BEGIN

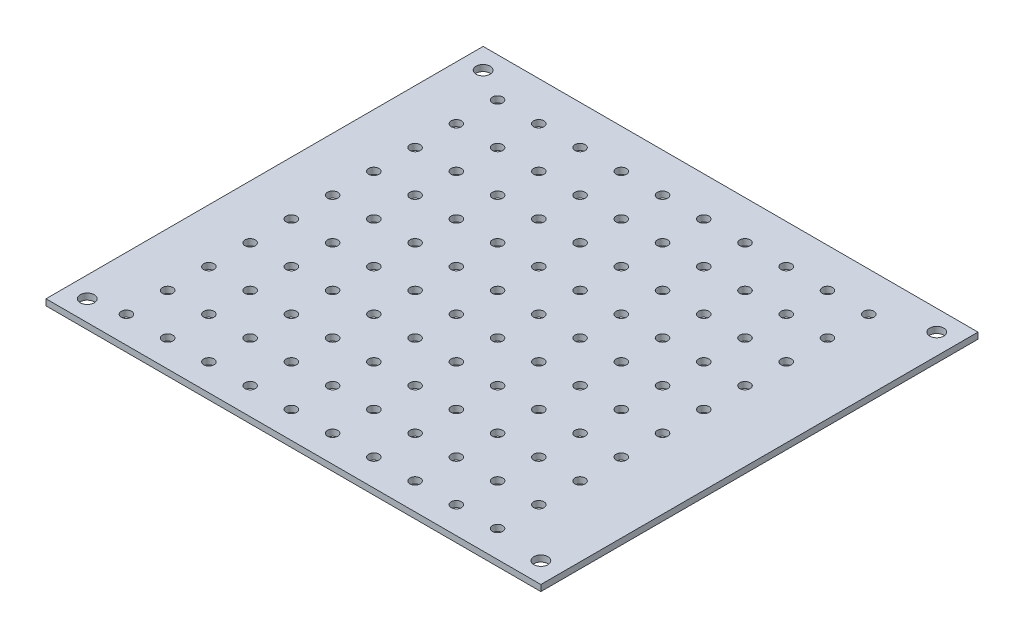
SolidWorks part; units mm, degrees
ref_plane "Front Plane" through (0, 0, 0) normal (0, 0, 1) x (1, 0, 0)
ref_plane "Top Plane" through (0, 0, 0) normal (0, 1, 0) x (1, 0, 0)
ref_plane "Right Plane" through (0, 0, 0) normal (1, 0, 0) x (0, 0, -1)
sketch "Sketch1" plane through (0, 0, 0) normal (0, 1, 0) x (1, 0, 0)
  line L0 (115, 101) -> (5, 101) construction
  line L1 (0, 0) -> (120, 0)
  line L2 (0, 0) -> (0, 106)
  line L3 (0, 106) -> (120, 106)
  line L4 (120, 0) -> (120, 106)
  line L6 (115, 101) -> (115, 5) construction
  circle A17 centre (13, 36.5) radius 1.25
  circle A18 centre (23, 36.5) radius 1.25
  circle A19 centre (13, 6.5) radius 1.25
  circle A28 centre (5, 5) radius 1.7
  circle A29 centre (5, 101) radius 1.7
  circle A30 centre (115, 101) radius 1.7
  circle A31 centre (115, 5) radius 1.7
  circle A32 centre (23, 6.5) radius 1.25
  circle A33 centre (33, 6.5) radius 1.25
  circle A34 centre (23, 16.5) radius 1.25
  circle A35 centre (33, 16.5) radius 1.25
  circle A36 centre (23, 26.5) radius 1.25
  circle A37 centre (33, 26.5) radius 1.25
  circle A38 centre (13, 16.5) radius 1.25
  circle A39 centre (13, 26.5) radius 1.25
  circle A40 centre (33, 36.5) radius 1.25
  circle A41 centre (13, 46.5) radius 1.25
  circle A42 centre (23, 46.5) radius 1.25
  circle A43 centre (33, 46.5) radius 1.25
  circle A44 centre (13, 56.5) radius 1.25
  circle A45 centre (23, 56.5) radius 1.25
  circle A46 centre (33, 56.5) radius 1.25
  circle A47 centre (13, 66.5) radius 1.25
  circle A48 centre (23, 66.5) radius 1.25
  circle A49 centre (33, 66.5) radius 1.25
  circle A50 centre (13, 76.5) radius 1.25
  circle A51 centre (23, 76.5) radius 1.25
  circle A52 centre (33, 76.5) radius 1.25
  circle A53 centre (13, 86.5) radius 1.25
  circle A54 centre (23, 86.5) radius 1.25
  circle A55 centre (33, 86.5) radius 1.25
  circle A56 centre (13, 96.5) radius 1.25
  circle A57 centre (23, 96.5) radius 1.25
  circle A58 centre (33, 96.5) radius 1.25
  circle A59 centre (43, 6.5) radius 1.25
  circle A60 centre (53, 6.5) radius 1.25
  circle A61 centre (63, 6.5) radius 1.25
  circle A62 centre (73, 6.5) radius 1.25
  circle A63 centre (83, 6.5) radius 1.25
  circle A64 centre (93, 6.5) radius 1.25
  circle A65 centre (103, 6.5) radius 1.25
  circle A66 centre (43, 16.5) radius 1.25
  circle A67 centre (53, 16.5) radius 1.25
  circle A68 centre (63, 16.5) radius 1.25
  circle A69 centre (73, 16.5) radius 1.25
  circle A70 centre (83, 16.5) radius 1.25
  circle A71 centre (93, 16.5) radius 1.25
  circle A72 centre (103, 16.5) radius 1.25
  circle A73 centre (43, 26.5) radius 1.25
  circle A74 centre (53, 26.5) radius 1.25
  circle A75 centre (63, 26.5) radius 1.25
  circle A76 centre (73, 26.5) radius 1.25
  circle A77 centre (83, 26.5) radius 1.25
  circle A78 centre (93, 26.5) radius 1.25
  circle A79 centre (103, 26.5) radius 1.25
  circle A80 centre (43, 36.5) radius 1.25
  circle A81 centre (53, 36.5) radius 1.25
  circle A82 centre (63, 36.5) radius 1.25
  circle A83 centre (73, 36.5) radius 1.25
  circle A84 centre (83, 36.5) radius 1.25
  circle A85 centre (93, 36.5) radius 1.25
  circle A86 centre (103, 36.5) radius 1.25
  circle A87 centre (43, 46.5) radius 1.25
  circle A88 centre (53, 46.5) radius 1.25
  circle A89 centre (63, 46.5) radius 1.25
  circle A90 centre (73, 46.5) radius 1.25
  circle A91 centre (83, 46.5) radius 1.25
  circle A92 centre (93, 46.5) radius 1.25
  circle A93 centre (103, 46.5) radius 1.25
  circle A94 centre (43, 56.5) radius 1.25
  circle A95 centre (53, 56.5) radius 1.25
  circle A96 centre (63, 56.5) radius 1.25
  circle A97 centre (73, 56.5) radius 1.25
  circle A98 centre (83, 56.5) radius 1.25
  circle A99 centre (93, 56.5) radius 1.25
  circle A100 centre (103, 56.5) radius 1.25
  circle A101 centre (43, 66.5) radius 1.25
  circle A102 centre (53, 66.5) radius 1.25
  circle A103 centre (63, 66.5) radius 1.25
  circle A104 centre (73, 66.5) radius 1.25
  circle A105 centre (83, 66.5) radius 1.25
  circle A106 centre (93, 66.5) radius 1.25
  circle A107 centre (103, 66.5) radius 1.25
  circle A108 centre (43, 76.5) radius 1.25
  circle A109 centre (53, 76.5) radius 1.25
  circle A110 centre (63, 76.5) radius 1.25
  circle A111 centre (73, 76.5) radius 1.25
  circle A112 centre (83, 76.5) radius 1.25
  circle A113 centre (93, 76.5) radius 1.25
  circle A114 centre (103, 76.5) radius 1.25
  circle A115 centre (43, 86.5) radius 1.25
  circle A116 centre (53, 86.5) radius 1.25
  circle A117 centre (63, 86.5) radius 1.25
  circle A118 centre (73, 86.5) radius 1.25
  circle A119 centre (83, 86.5) radius 1.25
  circle A120 centre (93, 86.5) radius 1.25
  circle A121 centre (103, 86.5) radius 1.25
  circle A122 centre (43, 96.5) radius 1.25
  circle A123 centre (53, 96.5) radius 1.25
  circle A124 centre (63, 96.5) radius 1.25
  circle A125 centre (73, 96.5) radius 1.25
  circle A126 centre (83, 96.5) radius 1.25
  circle A127 centre (93, 96.5) radius 1.25
  circle A128 centre (103, 96.5) radius 1.25
  point P7 (115, 53)
  point P9 (60, 101)
  point P10 (60, 106)
  point P20 (120, 53)
  dimension "D5" = 110
  dimension "D6" = 96
  dimension "D3" = 2.5
  dimension "D8" = 3.4
  dimension "D1" = 120
  dimension "D2" = 106
  dimension "D4" = 8
  dimension "D7" = 1.5
  dimension "D9" = 10
  dimension "D10" = 10
extrude "Boss-Extrude1" add sketch "Sketch1" along normal blind 1.5
equation "\"o\"= 10mm"
equation "\"P\"= 10"
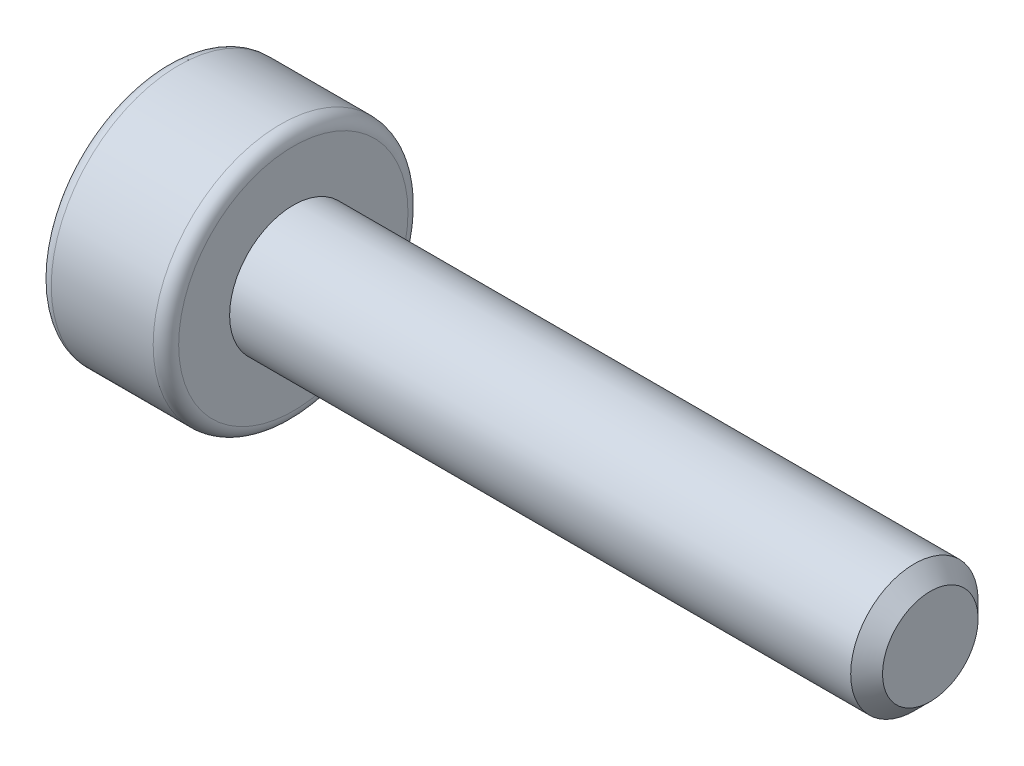
SolidWorks part; units mm, degrees
ref_plane "Front Plane" through (0, 0, 0) normal (0, 0, 1) x (1, 0, 0)
ref_plane "Top Plane" through (0, 0, 0) normal (0, 1, 0) x (1, 0, 0)
ref_plane "Right Plane" through (0, 0, 0) normal (1, 0, 0) x (0, 0, -1)
sketch "Sketch2" plane through (0, 0, 0) normal (0, 0, 1) x (1, 0, 0)
  line L0 (0, 0) -> (0, 1.8)
  line L1 (2, 1) -> (2, 1.8)
  line L2 (1.8, 2) -> (0.2, 2)
  line L3 (2, 1) -> (11.75, 1)
  line L4 (11.75, 1) -> (12, 0.75)
  line L5 (12, 0.75) -> (12, 0)
  line L6 (12, 0) -> (0, 0)
  line L7 (-2.2818, 0) -> (8.0811, 0) construction
  arc A0 (2, 1.8) -> (1.8, 2) centre (1.8, 1.8) ccw
  arc A1 (0, 1.8) -> (0.2, 2) centre (0.2, 1.8) cw
  point P13 (2, 2)
  point P16 (0, 2)
  dimension "D7" = 0.2
  dimension "D1" = 4
  dimension "D2" = 2
  dimension "D3" = 10
  dimension "D4" = 135
  dimension "D5" = 0.25
  dimension "D6" = 2
revolve "Revolve1" add sketch "Sketch2" angle 360 about L7
sketch "Sketch3" plane through (0, 0, 0) normal (-1, 0, 0) x (0, 0, 1)
  line L1 (0.433, -0.75) -> (0.866, 0)
  line L2 (0.866, 0) -> (0.433, 0.75)
  line L3 (0.433, 0.75) -> (-0.433, 0.75)
  line L4 (-0.433, 0.75) -> (-0.866, 0)
  line L5 (-0.866, 0) -> (-0.433, -0.75)
  line L6 (-0.433, -0.75) -> (0.433, -0.75)
  circle A0 centre (0, 0) radius 0.75 construction
  dimension "D1" = 1.5
extrude "Cut-Extrude1" cut sketch "Sketch3" against normal blind 0.8
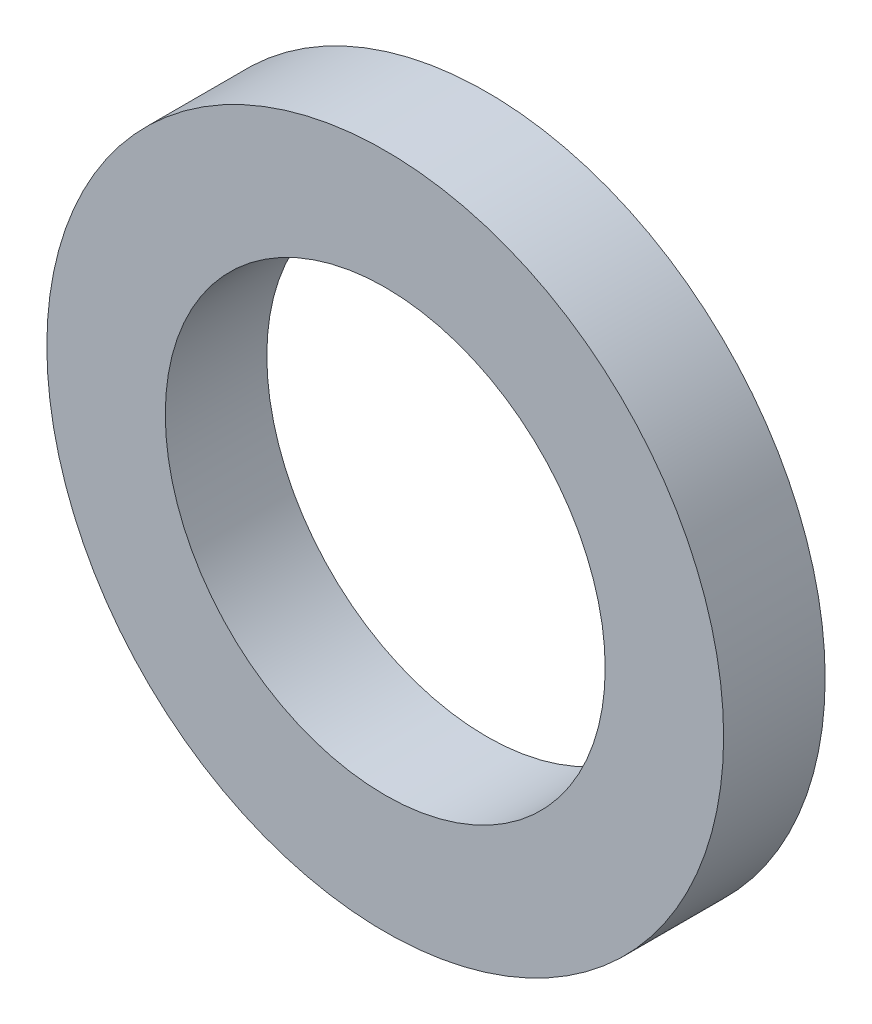
SolidWorks part; units mm, degrees
ref_plane "前视基准面" through (0, 0, 0) normal (0, 0, 1) x (1, 0, 0)
ref_plane "上视基准面" through (0, 0, 0) normal (0, 1, 0) x (1, 0, 0)
ref_plane "右视基准面" through (0, 0, 0) normal (1, 0, 0) x (0, 0, -1)
other "Configuration Table"
sketch "草图1" plane through (0, 0, 0) normal (0, 0, 1) x (1, 0, 0)
  circle A0 centre (0, 0) radius 6.5
  circle A1 centre (0, 0) radius 10
  dimension "D1" = 13
  dimension "D2" = 20
extrude "凸台-拉伸1" add sketch "草图1" along normal blind 3

END

Task item → Search the entries for the word "construction", then copy every line in which it is found.

Written response →
  line L0 (115, 101) -> (5, 101) construction
  line L6 (115, 101) -> (115, 5) construction
  line L7 (-2.2818, 0) -> (8.0811, 0) construction
  circle A0 centre (0, 0) radius 0.75 construction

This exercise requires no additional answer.